Crispy Sauteed TofuCrispy Sautéed TofuThis recipe is nice for the novice tofu eater because it’s texture is crispy and taste is wealthy. Serve it over rice, soba noodles, quinoa, or your grain of selection for a nutritious, well-rounded meal. It additionally holds up exceptionally properly for leftovers (particularly with just a little sauce reserved on the facet).

Give this simple, make-ahead pleasant recipe a strive for workday lunches or weeknight dinners. And lastly, don’t overlook to submit a photograph and tag #dishingouthealth so I can see your scrumptious creations!Crispy Tofu with Veggies, Jasmine Rice, and Nut Butter Sauce

Different Meal Prep Tofu Recipes:

30 Minute Black Pepper Tofu — reader favourite!
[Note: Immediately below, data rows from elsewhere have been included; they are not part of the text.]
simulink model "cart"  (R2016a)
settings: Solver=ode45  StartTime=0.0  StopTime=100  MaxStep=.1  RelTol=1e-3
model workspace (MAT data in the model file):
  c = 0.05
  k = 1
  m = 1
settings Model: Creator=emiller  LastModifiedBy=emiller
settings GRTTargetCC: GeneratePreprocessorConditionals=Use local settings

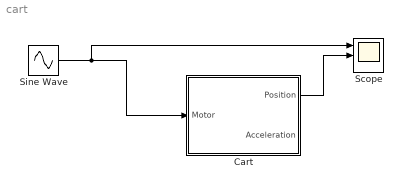
== system cart ==
  Cart : Subsystem
  Scope : Scope  NumInputPorts=3
  Sine Wave : Sin  Amplitude=.02  Frequency=1.39  SampleTime=0
  wires:
  Cart/1(Position) -> Scope/2
  Sine Wave/1 -> Scope/1, Cart/1(Motor)

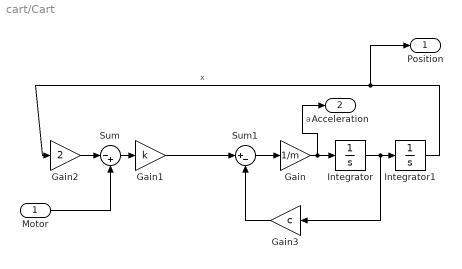
== system cart/Cart ==
  Motor : Inport
  Gain : Gain  Gain=1/m
  Gain1 : Gain  Gain=k
  Gain2 : Gain  Gain=2
  Gain3 : Gain  Gain=c
  Integrator : Integrator
  Integrator1 : Integrator
  Sum : Sum  Inputs=|-+
  Sum1 : Sum  Inputs=|+-
  Position : Outport
  Acceleration : Outport  Port=2
  wires:
  Gain3/1 -> Sum1/2
  Gain1/1 -> Sum1/1
  Sum/1 -> Gain1/1
  Gain2/1 -> Sum/1
  Gain/1 -> Acceleration/1, Integrator/1  "a"
  Integrator/1 -> Gain3/1, Integrator1/1
  Motor/1 -> Sum/2
  Integrator1/1 -> Gain2/1, Position/1  "x"
  Sum1/1 -> Gain/1
simulink model "stewart_platform"  (R2013a)
settings: Solver=ode45  StartTime=0.0  StopTime=10.0  RelTol=1e-3
undefined symbols (not defined in the file): X, Y, Z
libraries: sm_lib x1374, nesl_utility x1
(part 29 of 30)

== system stewart_platform/BaseRingAssembly_1_RIGID/SwivelBearing3_1_RIGID/swivelbearingshaft_1_RIGID/Yoke_1_RIGID ==
  ReferenceFrame : sm_lib/Frames and  Transforms/Reference  Frame  BlockFunction=simmechanics.library.frames_transforms.reference_frame
  Solid : sm_lib/Body Elements/Solid  InertiaType=Custom  Mass=0.0085668099999999994  MassUnits=kg  CenterOfMass=[3.3036099999999999e-09 4.5392100000000001e-09 0.0138091]  CenterOfMassUnits=m  MomentsOfInertia=[3.6198600000000002e-07 3.7260700000000002e-07 1.1777300000000001e-07]  MomentsOfInertiaUnits=kg*m^2  ProductsOfInertia=[-1.58919e-13 -3.9281799999999999e-13 1.96468e-13]  ProductsOfInertiaUnits=kg*m^2  DensityBased=on  Density=1000  DensityUnits=kg/(m^3)  GraphicType=FromGeometry  MarkerShape=Sphere  MarkerSize=10  MarkerSizeUnits=m  GraphicVisPropType=SimpleVisualProperties  GraphicDiffuseColor=[0.594824 0.594824 0.594824]  GraphicSpecularColor=[0.5 0.5 0.5 1.0]  GraphicAmbientColor=[0.15 0.15 0.15 1.0]  GraphicEmissiveColor=[0.0 0.0 0.0 1.0]  GraphicShininess=75  GraphicOpacity=1  GeometryShape=FromFile  RectangleSize=[1 1]  RectangleSizeUnits=m  BrickDimensions=[1 1 1]  BrickDimensionUnits=m  CylinderRadius=1  CylinderRadiusUnits=m  CylinderLength=1  CylinderLengthUnits=m  SphereRadius=1  SphereRadiusUnits=m  EllipsoidRadii=[1 1 1]  EllipsoidRadiiUnits=m  ExtrusionCrossSection=[1 1; -1 1; -1 -1; 1 -1]  ExtrusionCrossSectionUnits=m  ExtrusionLength=1  ExtrusionLengthUnits=m  PolygonNumSides=3  PolygonOuterRadius=1  PolygonOuterRadiusUnits=m  ExtGeomFileName=Yoke_Default_sldprt.STL  ExtGeomFileUnits=m  RevolutionCrossSection=[1 1; 1 -1; 2 -1; 2 1]  RevolutionCrossSectionUnits=m  RevolutionExtent=Full  RevolutionAngle=180  RevolutionAngleUnits=deg  BlockFunction=simmechanics.library.body_elements.solid
  F : PMIOPort  Port=1  Side=Left
  connections:
  Solid/RConn1 -- ReferenceFrame/RConn1 -- F/RConn1

== system stewart_platform/BaseRingAssembly_1_RIGID/SwivelBearing4_1_RIGID/swivelbearingbase_1_RIGID/Bearing_Block_1_RIGID ==
  ReferenceFrame : sm_lib/Frames and  Transforms/Reference  Frame  BlockFunction=simmechanics.library.frames_transforms.reference_frame
  Solid : sm_lib/Body Elements/Solid  InertiaType=Custom  Mass=0.038815299999999997  MassUnits=kg  CenterOfMass=[1.2331699999999999 -2.0896699999999997e-06 -0.091549200000000011]  CenterOfMassUnits=cm  MomentsOfInertia=[0.037792699999999999 0.030256599999999998 0.030404499999999998]  MomentsOfInertiaUnits=kg*cm^2  ProductsOfInertia=[2.5125199999999998e-07 -0.0029988099999999998 -2.7532300000000001e-08]  ProductsOfInertiaUnits=kg*cm^2  DensityBased=on  Density=1000  DensityUnits=kg/(m^3)  GraphicType=FromGeometry  MarkerShape=Sphere  MarkerSize=10  MarkerSizeUnits=m  GraphicVisPropType=SimpleVisualProperties  GraphicDiffuseColor=[0.308706 0.308706 0.308706]  GraphicSpecularColor=[0.5 0.5 0.5 1.0]  GraphicAmbientColor=[0.15 0.15 0.15 1.0]  GraphicEmissiveColor=[0.0 0.0 0.0 1.0]  GraphicShininess=75  GraphicOpacity=1  GeometryShape=FromFile  RectangleSize=[1 1]  RectangleSizeUnits=m  BrickDimensions=[1 1 1]  BrickDimensionUnits=m  CylinderRadius=1  CylinderRadiusUnits=m  CylinderLength=1  CylinderLengthUnits=m  SphereRadius=1  SphereRadiusUnits=m  EllipsoidRadii=[1 1 1]  EllipsoidRadiiUnits=m  ExtrusionCrossSection=[1 1; -1 1; -1 -1; 1 -1]  ExtrusionCrossSectionUnits=m  ExtrusionLength=1  ExtrusionLengthUnits=m  PolygonNumSides=3  PolygonOuterRadius=1  PolygonOuterRadiusUnits=m  ExtGeomFileName=Bearing_Block_Default_sldprt.STL  ExtGeomFileUnits=cm  RevolutionCrossSection=[1 1; 1 -1; 2 -1; 2 1]  RevolutionCrossSectionUnits=m  RevolutionExtent=Full  RevolutionAngle=180  RevolutionAngleUnits=deg  BlockFunction=simmechanics.library.body_elements.solid
  F : PMIOPort  Port=1  Side=Left
  connections:
  Solid/RConn1 -- ReferenceFrame/RConn1 -- F/RConn1

== system stewart_platform/BaseRingAssembly_1_RIGID/SwivelBearing4_1_RIGID/swivelbearingbase_1_RIGID/Clevis_pin_A_3x6_1_RIGID ==
  ReferenceFrame : sm_lib/Frames and  Transforms/Reference  Frame  BlockFunction=simmechanics.library.frames_transforms.reference_frame
  Solid : sm_lib/Body Elements/Solid  InertiaType=Custom  Mass=0.00029381199999999996  MassUnits=kg  CenterOfMass=[0.29999999999999999 0 0]  CenterOfMassUnits=cm  MomentsOfInertia=[3.0689199999999997e-06 8.8308599999999993e-06 8.8308599999999993e-06]  MomentsOfInertiaUnits=kg*cm^2  ProductsOfInertia=[0 0 0]  ProductsOfInertiaUnits=kg*cm^2  DensityBased=on  Density=1000  DensityUnits=kg/(m^3)  GraphicType=FromGeometry  MarkerShape=Sphere  MarkerSize=10  MarkerSizeUnits=m  GraphicVisPropType=SimpleVisualProperties  GraphicDiffuseColor=[0.594824 0.594824 0.594824]  GraphicSpecularColor=[0.5 0.5 0.5 1.0]  GraphicAmbientColor=[0.15 0.15 0.15 1.0]  GraphicEmissiveColor=[0.0 0.0 0.0 1.0]  GraphicShininess=75  GraphicOpacity=1  GeometryShape=FromFile  RectangleSize=[1 1]  RectangleSizeUnits=m  BrickDimensions=[1 1 1]  BrickDimensionUnits=m  CylinderRadius=1  CylinderRadiusUnits=m  CylinderLength=1  CylinderLengthUnits=m  SphereRadius=1  SphereRadiusUnits=m  EllipsoidRadii=[1 1 1]  EllipsoidRadiiUnits=m  ExtrusionCrossSection=[1 1; -1 1; -1 -1; 1 -1]  ExtrusionCrossSectionUnits=m  ExtrusionLength=1  ExtrusionLengthUnits=m  PolygonNumSides=3  PolygonOuterRadius=1  PolygonOuterRadiusUnits=m  ExtGeomFileName=Clevis_pin_A_3x6_Default_sldprt.STL  ExtGeomFileUnits=cm  RevolutionCrossSection=[1 1; 1 -1; 2 -1; 2 1]  RevolutionCrossSectionUnits=m  RevolutionExtent=Full  RevolutionAngle=180  RevolutionAngleUnits=deg  BlockFunction=simmechanics.library.body_elements.solid
  F : PMIOPort  Port=1  Side=Left
  connections:
  Solid/RConn1 -- ReferenceFrame/RConn1 -- F/RConn1

== system stewart_platform/BaseRingAssembly_1_RIGID/SwivelBearing4_1_RIGID/swivelbearingbase_1_RIGID/Clevis_pin_A_3x6_2_RIGID ==
  ReferenceFrame : sm_lib/Frames and  Transforms/Reference  Frame  BlockFunction=simmechanics.library.frames_transforms.reference_frame
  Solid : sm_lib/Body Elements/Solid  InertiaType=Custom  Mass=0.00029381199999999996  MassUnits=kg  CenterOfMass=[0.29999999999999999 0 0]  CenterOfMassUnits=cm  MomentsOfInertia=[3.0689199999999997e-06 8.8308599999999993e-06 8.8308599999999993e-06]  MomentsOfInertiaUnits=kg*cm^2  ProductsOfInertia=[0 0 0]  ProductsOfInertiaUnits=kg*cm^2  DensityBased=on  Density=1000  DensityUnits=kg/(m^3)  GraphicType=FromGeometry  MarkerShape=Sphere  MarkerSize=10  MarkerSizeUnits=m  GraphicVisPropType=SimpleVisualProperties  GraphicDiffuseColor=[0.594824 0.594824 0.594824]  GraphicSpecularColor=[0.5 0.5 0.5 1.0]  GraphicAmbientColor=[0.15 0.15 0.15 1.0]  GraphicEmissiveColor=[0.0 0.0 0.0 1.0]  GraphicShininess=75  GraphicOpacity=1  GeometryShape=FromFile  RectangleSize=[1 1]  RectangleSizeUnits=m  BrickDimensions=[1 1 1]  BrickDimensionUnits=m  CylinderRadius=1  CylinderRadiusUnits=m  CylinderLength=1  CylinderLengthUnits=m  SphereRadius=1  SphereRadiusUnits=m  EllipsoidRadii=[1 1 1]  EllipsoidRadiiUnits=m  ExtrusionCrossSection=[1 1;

Simple Tofu Stir Fry with Peanut Satay Sauce

Sesame Cashew Tofu with Candy Potato Noodles

30 Minute Almond Butter Tofu Bowls


Recipe kind: Entree, Vegan

Prep time: 

Prepare dinner time: 

Whole time: 

Serves: 4


30 Minute Almond Butter Tofu Bowls are vegan, gluten free, and ideal for meal prep!


  • 1 (14-oz.) block extra-firm tofu, drained
  • ⅓ cup creamy almond butter
  • 2 Tbsp. lower-sodium tamari (sub soy sauce)
  • 2 Tbsp. contemporary lemon juice
  • 1 Tbsp. pure maple syrup
  • 1 garlic clove, minced
  • 2 tsp. chili garlic sauce
  • 2 tsp. sesame oil
  • 1 tsp. floor ginger
  • ¾ tsp. kosher salt, divided
  • Four Tbsp. impartial cooking oil (vegetable, canola, or avocado), divided
  • 1 medium head of broccoli, chopped into bite-sized florets
  • 1 bunch scallions
  • Cooked jasmine rice or soba noodles for serving


  1. Slice tofu width-wise into 6 slices. Use a kitchen towel to softly press every slice to take away extra liquid; reduce into 1-inch cubes.
  2. Put together almond butter sauce by combining almond butter, tamari, lemon juice, maple syrup, garlic, chili garlic sauce, sesame oil, ginger, and ¼ tsp salt in a medium bowl. Regularly whisk in 2 to three Tbsp heat water to achieve desired consistency; put aside.
  3. Warmth 2 Tbsp. of the oil in a big nonstick skillet over medium-high. Chop two-thirds of the scallions into 1-inch items (reserve remaining). Add to skillet, together with broccoli florets and ½ tsp salt. Toss greens with oil and cook dinner, undisturbed, till broccoli is properly charred on one facet, about Four minutes. Toss and proceed cooking till broccoli is crisp-tender, about 2 extra minutes. Switch veggies to a bowl.
  4. Add remaining 2 Tbsp. oil to pan. Add tofu and cook dinner, undisturbed, till crisp and golden brown beneath, Three to Four minutes. Toss and proceed cooking till crispy and golden on all sides, about eight to 9 minutes whole. Pour in half of almond butter sauce and toss constantly till sauce coats tofu and crispy browned bits type. Take away from warmth.
  5. Prime rice or noodles evenly with broccoli, scallions, and tofu. Drizzle remaining almond butter sauce overtop, and finely slice remaining inexperienced onions for garnish.